►

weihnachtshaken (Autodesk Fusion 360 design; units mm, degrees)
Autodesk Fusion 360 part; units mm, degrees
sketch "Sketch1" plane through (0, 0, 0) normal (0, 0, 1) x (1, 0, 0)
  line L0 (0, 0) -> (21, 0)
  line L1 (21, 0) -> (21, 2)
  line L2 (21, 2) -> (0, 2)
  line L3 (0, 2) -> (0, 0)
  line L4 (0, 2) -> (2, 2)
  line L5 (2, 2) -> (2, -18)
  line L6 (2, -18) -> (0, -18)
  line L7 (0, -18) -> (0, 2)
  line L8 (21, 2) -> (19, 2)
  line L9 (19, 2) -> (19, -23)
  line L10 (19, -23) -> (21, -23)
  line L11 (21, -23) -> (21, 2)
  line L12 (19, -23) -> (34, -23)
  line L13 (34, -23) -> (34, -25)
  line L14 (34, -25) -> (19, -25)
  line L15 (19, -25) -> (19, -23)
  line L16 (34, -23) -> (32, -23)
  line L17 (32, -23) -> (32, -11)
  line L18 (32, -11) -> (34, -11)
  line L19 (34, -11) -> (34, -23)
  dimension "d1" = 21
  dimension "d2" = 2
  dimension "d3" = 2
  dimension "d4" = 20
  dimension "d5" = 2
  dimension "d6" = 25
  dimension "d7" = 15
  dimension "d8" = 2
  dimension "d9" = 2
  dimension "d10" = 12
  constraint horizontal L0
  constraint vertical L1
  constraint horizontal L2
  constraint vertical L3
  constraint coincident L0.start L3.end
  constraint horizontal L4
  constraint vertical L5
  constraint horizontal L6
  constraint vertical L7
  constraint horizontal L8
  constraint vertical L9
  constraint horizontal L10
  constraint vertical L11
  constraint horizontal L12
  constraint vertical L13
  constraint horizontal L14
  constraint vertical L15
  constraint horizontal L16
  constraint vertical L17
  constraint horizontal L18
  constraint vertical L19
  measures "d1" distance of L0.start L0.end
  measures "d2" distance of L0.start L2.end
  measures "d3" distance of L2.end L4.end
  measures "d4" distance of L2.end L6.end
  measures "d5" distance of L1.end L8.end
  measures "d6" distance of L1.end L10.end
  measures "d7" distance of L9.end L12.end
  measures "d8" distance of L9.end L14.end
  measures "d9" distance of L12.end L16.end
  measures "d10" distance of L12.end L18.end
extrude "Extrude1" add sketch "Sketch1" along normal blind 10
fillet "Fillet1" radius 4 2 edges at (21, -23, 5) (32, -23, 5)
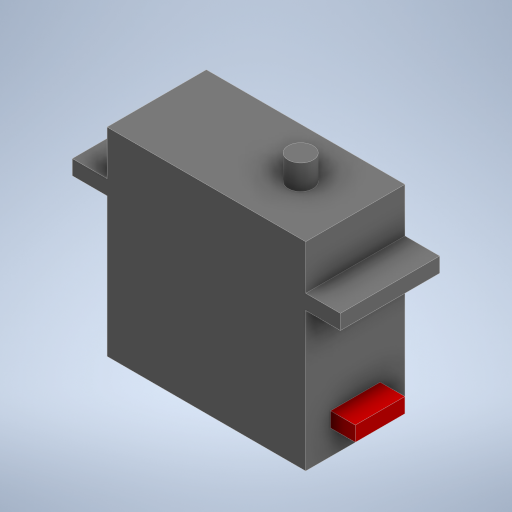
# Autodesk Inventor part: Servo_bigg_maketa
Saved by Autodesk Inventor 2023 (Build 270158000, 158)
## iProperties
Created: 2024-06-26
Part Number: Servo_bigg_maketa
Material: Generic
Document SubType Name: Modeling
Designer: Swoby
Density: 1 g/cm^3
Appearance: Default
Author: Swoby
Autodesk Inventor part; units mm, degrees
ref_plane "YZ Plane" through (0, 0, 0) normal (1, 0, 0) x (0, 1, 0)
ref_plane "XZ Plane" through (0, 0, 0) normal (0, 1, 0) x (-1, 0, 0)
sketch "Sketch1" plane through (0, 0, 0) normal (0, 0, 1) x (1, 0, 0)
  line L0 (-40, 0) -> (0, 0)
  line L1 (0, 0) -> (0, -7)
  line L2 (0, -7) -> (7, -7)
  line L3 (7, -7) -> (7, -10)
  line L4 (7, -10) -> (0, -10)
  line L5 (0, -10) -> (0, -30)
  line L6 (0, -38) -> (-40, -38)
  line L7 (-40, -38) -> (-40, -10)
  line L8 (-40, -10) -> (-47, -10)
  line L9 (-47, -10) -> (-47, -7)
  line L10 (-47, -7) -> (-40, -7)
  line L11 (-40, 0) -> (-40, -7)
  line L12 (0, -30) -> (5, -30)
  line L13 (5, -30) -> (5, -33)
  line L14 (5, -33) -> (0, -33)
  line L15 (0, -30) -> (0, -33) construction
  line L16 (0, -33) -> (0, -38)
  point P0 (7, -8.5)
  point P1 (-47, -8.5)
  point P2 (0, -24)
  dimension "d1" = 38
  dimension "d2" = 54
  dimension "d4" = 40
  dimension "d5" = 28
  dimension "d6" = 7
  dimension "d7" = 3
  dimension "d17" = 3
  dimension "d18" = 5
  dimension "d19" = 5
  constraints: 34 end point, 11 perpendicular, 8 point on line, 5 parallel, 2 horizontal, 2 midpoint, 1 coincident
  measures "d1" distance between parallel lines of L6 L0
  measures "d2" distance of point (7, -8.5) point (-47, -8.5)
  measures "d4" distance between parallel lines of L7 L5
  measures "d5" vertical distance of L6.end L8.end
  measures "d6" distance of L1.end L2.end
  measures "d7" distance of L2.end L3.end
  measures "d17" distance of L12.end L13.end
  measures "d18" distance of L5.end L12.end
  measures "d19" distance between parallel lines of L6 L14
extrude "Extrusion1" add sketch "Sketch1" along normal blind 20
sketch "Sketch2" plane through (-40, 0, 0) normal (0, 1, 0) x (1, 0, 0)
  circle A0 centre (29, -10) radius 2.5
  line L0 (-7, 0) -> (-7, -20) projected
  line L1 (40, 0) -> (40, -20) projected
  line L2 (40, -10) -> (0, -10) construction
  line L3 (0, 0) -> (0, -20) projected
  line L4 (40, 0) -> (0, 0) projected
  line L5 (0, 0) -> (0, -20) projected
  line L6 (40, -20) -> (0, -20) projected
  line L7 (40, 0) -> (40, -20) projected
  dimension "d11" = 5
  dimension "d12" = 36
  constraints: 2 end point, 2 midpoint, 1 centre point, 1 point on line
  measures "d11" diameter of A0
  measures "d12" distance from line of A0.centre L0
extrude "Extrusion2" add sketch "Sketch2" along normal blind 2 contours A0 | L1 L6 L3 L4
extrude "Extrusion3" add sketch "Sketch2" along normal blind 7 contours A0
sketch "Sketch3" plane through (0, -30, 0) normal (0, 1, 0) x (1, 0, 0)
  line L0 (5, 0) -> (0, 0) projected
  line L1 (0, 0) -> (0, -20) projected
  line L2 (5, -20) -> (0, -20) projected
  line L3 (5, 0) -> (5, -20) projected
  line L4 (0, 0) -> (0, -20) projected
  line L5 (5, 0) -> (5, -20) projected
  line L6 (0, -15) -> (5, -15)
  line L7 (5, -15) -> (5, -5)
  line L8 (5, -5) -> (0, -5)
  line L9 (0, -5) -> (0, -15)
  point P0 (0, -5)
  point P1 (5, -5)
  dimension "d20" = 5
  dimension "d21" = 5
  constraints: 8 end point, 2 parallel, 2 point on line, 1 horizontal, 1 perpendicular
  measures "d20" distance between parallel lines of L8 L0
  measures "d21" distance between parallel lines of L2 L6
extrude "Extrusion4" cut sketch "Sketch3" against normal through all contours L3 L8 L1 L0 | L3 L2 L1 L6
ref_plane "Work Plane1" through (0, 0, 10) normal (0, 0, 1) x (1, 0, 0)
body "Solid1"
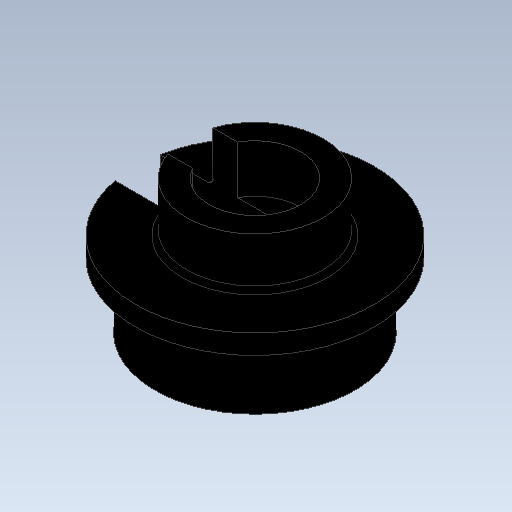
# Autodesk Inventor part: Pieza_Presion_resorte
Saved by Autodesk Inventor 2020 (Build 240168000, 168)
## iProperties
Created: 2019-09-21
Part Number: Pieza_Presion_resorte
Material: Plástico ABS
Document SubType Name: Modeling
Designer: axelj
Density: 1.06 g/cm^3
Appearance: Anodizado - Negro
Author: axelj
Autodesk Inventor part; units mm, degrees
ref_plane "YZ Plane" through (0, 0, 0) normal (1, 0, 0) x (0, 1, 0)
ref_plane "XZ Plane" through (0, 0, 0) normal (0, 1, 0) x (-1, 0, 0)
ref_plane "XY Plane" through (0, 0, 0) normal (0, 0, 1) x (1, 0, 0)
sketch "Boceto1" plane through (0, 0, 0) normal (0, 1, 0) x (-1, 0, 0)
  circle A0 centre (0, 0) radius 7.95
  dimension "d0" = 15.9
  constraints: 1 centre point, 1 coincident
  measures "d0" diameter of A0
extrude "Extrusión1" add sketch "Boceto1" along normal blind 1.3
sketch "Boceto2" plane through (0, 1.3, 0) normal (0, 1, 0) x (1, 0, 0)
  circle A0 centre (0, 0) radius 4.55
  dimension "d3" = 9.1
  constraints: 1 centre point, 1 coincident
  measures "d3" diameter of A0
extrude "Extrusión2" add sketch "Boceto2" along normal blind 3.3
sketch "Boceto3" plane through (0, 4.6, 0) normal (0, 1, 0) x (1, 0, 0)
  circle A0 centre (0, 0) radius 3.05
  dimension "d6" = 6.1
  constraints: 1 centre point, 1 coincident
  measures "d6" diameter of A0
extrude "Extrusión3" cut sketch "Boceto3" against normal blind 3.2
sketch "Boceto4" plane through (0, 1.4, 0) normal (0, 1, 0) x (1, 0, 0)
  arc A0 (0, -1.5) -> (0, 1.5) centre (0, 0) ccw
  line L0 (0, -1.5) -> (-7.8072, -1.5)
  circle A1 centre (0, 0) radius 7.95 projected
  line L1 (0, 1.5) -> (-7.8072, 1.5)
  arc A2 (-7.8072, 1.5) -> (-7.8072, -1.5) centre (0, 0) ccw
  dimension "d9" = 3
  constraints: 6 point on circle, 4 end point, 2 centre point, 2 coincident, 1 concentric, 1 horizontal, 1 parallel, 1 tangent
  measures "d9" diameter of A0
extrude "Extrusión4" cut sketch "Boceto4" along normal blind 3.2 and the other way blind 1.6 contours L0 A1 L1 A0 picked at (-2.6447, -0.1676)
fillet "Empalme1" radius 0.3 1 edges at (4.55, 1.3, 0)
sketch "Boceto5" plane through (0, 0, 0) normal (0, -1, 0) x (1, 0, 0)
  arc A0 (-6.4786, -1.5) -> (-6.4786, 1.5) centre (0, 0) ccw
  arc A1 (-5.5509, -1.5) -> (-5.5509, 1.5) centre (0, 0) ccw
  line L0 (-7.8072, 1.5) -> (0, 1.5) projected
  line L1 (-5.5509, 1.5) -> (-6.4786, 1.5)
  line L2 (-7.8072, -1.5) -> (-4.6122, -1.5) projected
  line L3 (-6.4786, -1.5) -> (-5.5509, -1.5)
  dimension "d15" = 13.3
  dimension "d16" = 11.5
  constraints: 4 end point, 4 point on circle, 4 point on line, 2 centre point, 2 coincident
  measures "d15" diameter of A0
  measures "d16" diameter of A1
extrude "Extrusión5" add sketch "Boceto5" along normal blind 4.3

◄

Go back to the listing above. Copy word for word the lines from the one with "line L10 (-47, -7) -> (-40, -7)" through the one with "of L12.end L13.end", and nothing more.

* Answer box *
  line L10 (-47, -7) -> (-40, -7)
  line L11 (-40, 0) -> (-40, -7)
  line L12 (0, -30) -> (5, -30)
  line L13 (5, -30) -> (5, -33)
  line L14 (5, -33) -> (0, -33)
  line L15 (0, -30) -> (0, -33) construction
  line L16 (0, -33) -> (0, -38)
  point P0 (7, -8.5)
  point P1 (-47, -8.5)
  point P2 (0, -24)
  dimension "d1" = 38
  dimension "d2" = 54
  dimension "d4" = 40
  dimension "d5" = 28
  dimension "d6" = 7
  dimension "d7" = 3
  dimension "d17" = 3
  dimension "d18" = 5
  dimension "d19" = 5
  constraints: 34 end point, 11 perpendicular, 8 point on line, 5 parallel, 2 horizontal, 2 midpoint, 1 coincident
  measures "d1" distance between parallel lines of L6 L0
  measures "d2" distance of point (7, -8.5) point (-47, -8.5)
  measures "d4" distance between parallel lines of L7 L5
  measures "d5" vertical distance of L6.end L8.end
  measures "d6" distance of L1.end L2.end
  measures "d7" distance of L2.end L3.end
  measures "d17" distance of L12.end L13.end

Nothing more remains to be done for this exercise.